Dataset entries
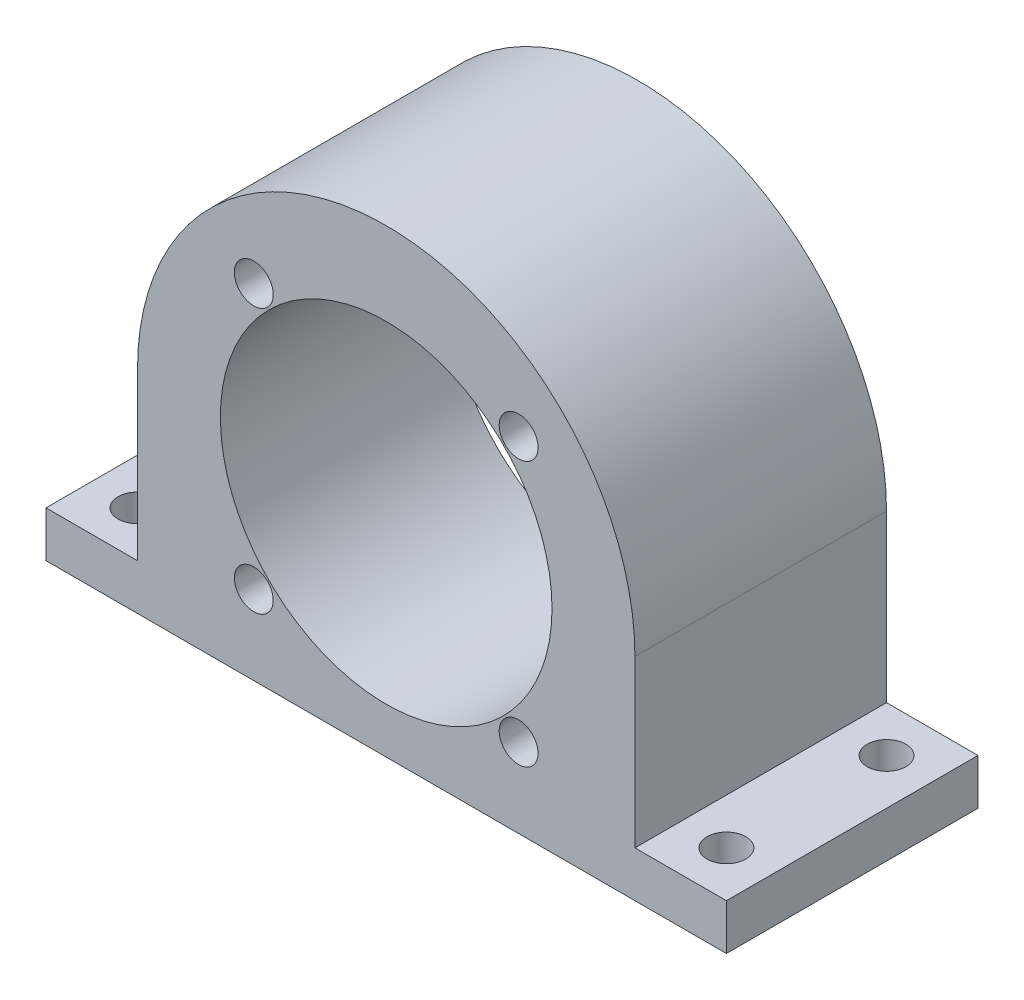
ISO-10303-21;
HEADER;
FILE_DESCRIPTION(('STEP AP214'),'2;1');
FILE_NAME('part.step','',(''),(''),'','','');
FILE_SCHEMA(('AUTOMOTIVE_DESIGN { 1 0 10303 214 1 1 1 1 }'));
ENDSEC;
DATA;
#1=APPLICATION_CONTEXT('core data for automotive mechanical design processes');
#2=APPLICATION_PROTOCOL_DEFINITION('international standard','automotive_design',2000,#1);
#3=PRODUCT_CONTEXT('',#1,'mechanical');
#4=PRODUCT('Part','Part','',(#3));
#5=PRODUCT_RELATED_PRODUCT_CATEGORY('part','',(#4));
#6=PRODUCT_DEFINITION_FORMATION('','',#4);
#7=PRODUCT_DEFINITION_CONTEXT('part definition',#1,'design');
#8=PRODUCT_DEFINITION('design','',#6,#7);
#9=PRODUCT_DEFINITION_SHAPE('','',#8);
#10=(LENGTH_UNIT() NAMED_UNIT(*) SI_UNIT(.MILLI.,.METRE.));
#11=(NAMED_UNIT(*) PLANE_ANGLE_UNIT() SI_UNIT($,.RADIAN.));
#12=(NAMED_UNIT(*) SI_UNIT($,.STERADIAN.) SOLID_ANGLE_UNIT());
#13=UNCERTAINTY_MEASURE_WITH_UNIT(LENGTH_MEASURE(1.E-05),#10,'distance_accuracy_value','');
#14=(GEOMETRIC_REPRESENTATION_CONTEXT(3) GLOBAL_UNCERTAINTY_ASSIGNED_CONTEXT((#13)) GLOBAL_UNIT_ASSIGNED_CONTEXT((#10,
#11,#12)) REPRESENTATION_CONTEXT('',''));
#15=CARTESIAN_POINT('',(0.,0.,0.));
#16=DIRECTION('',(0.,0.,1.));
#17=DIRECTION('',(1.,0.,0.));
#18=AXIS2_PLACEMENT_3D('',#15,#16,#17);
#19=CARTESIAN_POINT('',(21.75,18.5,11.));
#20=DIRECTION('',(-1.,0.,0.));
#21=DIRECTION('',(0.,0.,1.));
#22=AXIS2_PLACEMENT_3D('',#19,#20,#21);
#23=PLANE('',#22);
#24=DIRECTION('',(0.,0.,1.));
#25=VECTOR('',#24,1.);
#26=CARTESIAN_POINT('',(21.75,4.,11.));
#27=LINE('',#26,#25);
#28=CARTESIAN_POINT('',(21.75,4.,-11.));
#29=VERTEX_POINT('',#28);
#30=CARTESIAN_POINT('',(21.75,4.,11.));
#31=VERTEX_POINT('',#30);
#32=EDGE_CURVE('E345',#29,#31,#27,.T.);
#33=ORIENTED_EDGE('',*,*,#32,.F.);
#34=DIRECTION('',(0.,1.,0.));
#35=VECTOR('',#34,1.);
#36=CARTESIAN_POINT('',(21.75,18.5,-11.));
#37=LINE('',#36,#35);
#38=CARTESIAN_POINT('',(21.75,18.5,-11.));
#39=VERTEX_POINT('',#38);
#40=EDGE_CURVE('E412',#29,#39,#37,.T.);
#41=ORIENTED_EDGE('',*,*,#40,.T.);
#42=DIRECTION('',(0.,0.,-1.));
#43=VECTOR('',#42,1.);
#44=CARTESIAN_POINT('',(21.75,18.5,11.));
#45=LINE('',#44,#43);
#46=CARTESIAN_POINT('',(21.75,18.5,11.));
#47=VERTEX_POINT('',#46);
#48=EDGE_CURVE('E11',#47,#39,#45,.T.);
#49=ORIENTED_EDGE('',*,*,#48,.F.);
#50=DIRECTION('',(0.,1.,0.));
#51=VECTOR('',#50,1.);
#52=CARTESIAN_POINT('',(21.75,18.5,11.));
#53=LINE('',#52,#51);
#54=EDGE_CURVE('E403',#31,#47,#53,.T.);
#55=ORIENTED_EDGE('',*,*,#54,.F.);
#56=EDGE_LOOP('',(#33,#41,#49,#55));
#57=FACE_BOUND('',#56,.T.);
#58=ADVANCED_FACE('F35',(#57),#23,.F.);
#59=CARTESIAN_POINT('',(-21.75,18.5,11.));
#60=DIRECTION('',(1.,0.,0.));
#61=DIRECTION('',(0.,0.,-1.));
#62=AXIS2_PLACEMENT_3D('',#59,#60,#61);
#63=PLANE('',#62);
#64=DIRECTION('',(0.,0.,-1.));
#65=VECTOR('',#64,1.);
#66=CARTESIAN_POINT('',(-21.75,4.,-11.));
#67=LINE('',#66,#65);
#68=CARTESIAN_POINT('',(-21.75,4.,11.));
#69=VERTEX_POINT('',#68);
#70=CARTESIAN_POINT('',(-21.75,4.,-11.));
#71=VERTEX_POINT('',#70);
#72=EDGE_CURVE('E376',#69,#71,#67,.T.);
#73=ORIENTED_EDGE('',*,*,#72,.F.);
#74=DIRECTION('',(0.,-1.,0.));
#75=VECTOR('',#74,1.);
#76=CARTESIAN_POINT('',(-21.75,18.5,11.));
#77=LINE('',#76,#75);
#78=CARTESIAN_POINT('',(-21.75,18.5,11.));
#79=VERTEX_POINT('',#78);
#80=EDGE_CURVE('E397',#79,#69,#77,.T.);
#81=ORIENTED_EDGE('',*,*,#80,.F.);
#82=DIRECTION('',(0.,0.,-1.));
#83=VECTOR('',#82,1.);
#84=CARTESIAN_POINT('',(-21.75,18.5,11.));
#85=LINE('',#84,#83);
#86=CARTESIAN_POINT('',(-21.75,18.5,-11.));
#87=VERTEX_POINT('',#86);
#88=EDGE_CURVE('E43',#79,#87,#85,.T.);
#89=ORIENTED_EDGE('',*,*,#88,.T.);
#90=DIRECTION('',(0.,-1.,0.));
#91=VECTOR('',#90,1.);
#92=CARTESIAN_POINT('',(-21.75,18.5,-11.));
#93=LINE('',#92,#91);
#94=EDGE_CURVE('E392',#87,#71,#93,.T.);
#95=ORIENTED_EDGE('',*,*,#94,.T.);
#96=EDGE_LOOP('',(#73,#81,#89,#95));
#97=FACE_BOUND('',#96,.T.);
#98=ADVANCED_FACE('F37',(#97),#63,.F.);
#99=CARTESIAN_POINT('',(0.,18.5,11.));
#100=DIRECTION('',(0.,0.,1.));
#101=DIRECTION('',(1.,0.,0.));
#102=AXIS2_PLACEMENT_3D('',#99,#100,#101);
#103=PLANE('',#102);
#104=CARTESIAN_POINT('',(-11.5788735419298,30.0788735419296,11.));
#105=DIRECTION('',(0.,0.,1.));
#106=DIRECTION('',(0.,1.,0.));
#107=AXIS2_PLACEMENT_3D('',#104,#105,#106);
#108=CIRCLE('',#107,1.69999999999999);
#109=CARTESIAN_POINT('',(-11.5788735419299,31.7788735419296,11.));
#110=VERTEX_POINT('',#109);
#111=EDGE_CURVE('E261',#110,#110,#108,.F.);
#112=ORIENTED_EDGE('',*,*,#111,.T.);
#113=EDGE_LOOP('',(#112));
#114=FACE_BOUND('',#113,.T.);
#115=CARTESIAN_POINT('',(-11.5788735419297,6.92112645807019,11.));
#116=DIRECTION('',(0.,0.,1.));
#117=DIRECTION('',(-1.,0.,0.));
#118=AXIS2_PLACEMENT_3D('',#115,#116,#117);
#119=CIRCLE('',#118,1.69999999999999);
#120=CARTESIAN_POINT('',(-13.2788735419297,6.92112645807019,11.));
#121=VERTEX_POINT('',#120);
#122=EDGE_CURVE('E230',#121,#121,#119,.F.);
#123=ORIENTED_EDGE('',*,*,#122,.T.);
#124=EDGE_LOOP('',(#123));
#125=FACE_BOUND('',#124,.T.);
#126=CARTESIAN_POINT('',(11.5788735419299,6.92112645807044,11.));
#127=DIRECTION('',(0.,0.,1.));
#128=DIRECTION('',(0.,-1.,0.));
#129=AXIS2_PLACEMENT_3D('',#126,#127,#128);
#130=CIRCLE('',#129,1.69999999999999);
#131=CARTESIAN_POINT('',(11.5788735419299,5.22112645807044,11.));
#132=VERTEX_POINT('',#131);
#133=EDGE_CURVE('E262',#132,#132,#130,.F.);
#134=ORIENTED_EDGE('',*,*,#133,.T.);
#135=EDGE_LOOP('',(#134));
#136=FACE_BOUND('',#135,.T.);
#137=CARTESIAN_POINT('',(0.,18.5,11.));
#138=DIRECTION('',(0.,0.,1.));
#139=DIRECTION('',(1.,0.,0.));
#140=AXIS2_PLACEMENT_3D('',#137,#138,#139);
#141=CIRCLE('',#140,14.5);
#142=CARTESIAN_POINT('',(14.5,18.5,11.));
#143=VERTEX_POINT('',#142);
#144=EDGE_CURVE('E389',#143,#143,#141,.T.);
#145=ORIENTED_EDGE('',*,*,#144,.F.);
#146=EDGE_LOOP('',(#145));
#147=FACE_BOUND('',#146,.T.);
#148=ORIENTED_EDGE('',*,*,#80,.T.);
#149=DIRECTION('',(1.,0.,0.));
#150=VECTOR('',#149,1.);
#151=CARTESIAN_POINT('',(-29.75,4.,11.));
#152=LINE('',#151,#150);
#153=CARTESIAN_POINT('',(-29.75,4.,11.));
#154=VERTEX_POINT('',#153);
#155=EDGE_CURVE('E367',#154,#69,#152,.T.);
#156=ORIENTED_EDGE('',*,*,#155,.F.);
#157=DIRECTION('',(0.,-1.,0.));
#158=VECTOR('',#157,1.);
#159=CARTESIAN_POINT('',(-29.75,0.,11.));
#160=LINE('',#159,#158);
#161=CARTESIAN_POINT('',(-29.75,0.,11.));
#162=VERTEX_POINT('',#161);
#163=EDGE_CURVE('E364',#154,#162,#160,.T.);
#164=ORIENTED_EDGE('',*,*,#163,.T.);
#165=DIRECTION('',(1.,0.,0.));
#166=VECTOR('',#165,1.);
#167=CARTESIAN_POINT('',(-21.75,0.,11.));
#168=LINE('',#167,#166);
#169=CARTESIAN_POINT('',(29.75,0.,11.));
#170=VERTEX_POINT('',#169);
#171=EDGE_CURVE('E400',#162,#170,#168,.T.);
#172=ORIENTED_EDGE('',*,*,#171,.T.);
#173=DIRECTION('',(0.,-1.,0.));
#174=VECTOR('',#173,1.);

Prompt
Lines wanted from the listing above: the line with "#92=CARTESIAN_POINT('',(-21.75,18.5,-11.));" up to and including the line with "#113=EDGE_LOOP('',(#112));". Please write them out exactly, adding nothing else.

Answer section
#92=CARTESIAN_POINT('',(-21.75,18.5,-11.));
#93=LINE('',#92,#91);
#94=EDGE_CURVE('E392',#87,#71,#93,.T.);
#95=ORIENTED_EDGE('',*,*,#94,.T.);
#96=EDGE_LOOP('',(#73,#81,#89,#95));
#97=FACE_BOUND('',#96,.T.);
#98=ADVANCED_FACE('F37',(#97),#63,.F.);
#99=CARTESIAN_POINT('',(0.,18.5,11.));
#100=DIRECTION('',(0.,0.,1.));
#101=DIRECTION('',(1.,0.,0.));
#102=AXIS2_PLACEMENT_3D('',#99,#100,#101);
#103=PLANE('',#102);
#104=CARTESIAN_POINT('',(-11.5788735419298,30.0788735419296,11.));
#105=DIRECTION('',(0.,0.,1.));
#106=DIRECTION('',(0.,1.,0.));
#107=AXIS2_PLACEMENT_3D('',#104,#105,#106);
#108=CIRCLE('',#107,1.69999999999999);
#109=CARTESIAN_POINT('',(-11.5788735419299,31.7788735419296,11.));
#110=VERTEX_POINT('',#109);
#111=EDGE_CURVE('E261',#110,#110,#108,.F.);
#112=ORIENTED_EDGE('',*,*,#111,.T.);
#113=EDGE_LOOP('',(#112));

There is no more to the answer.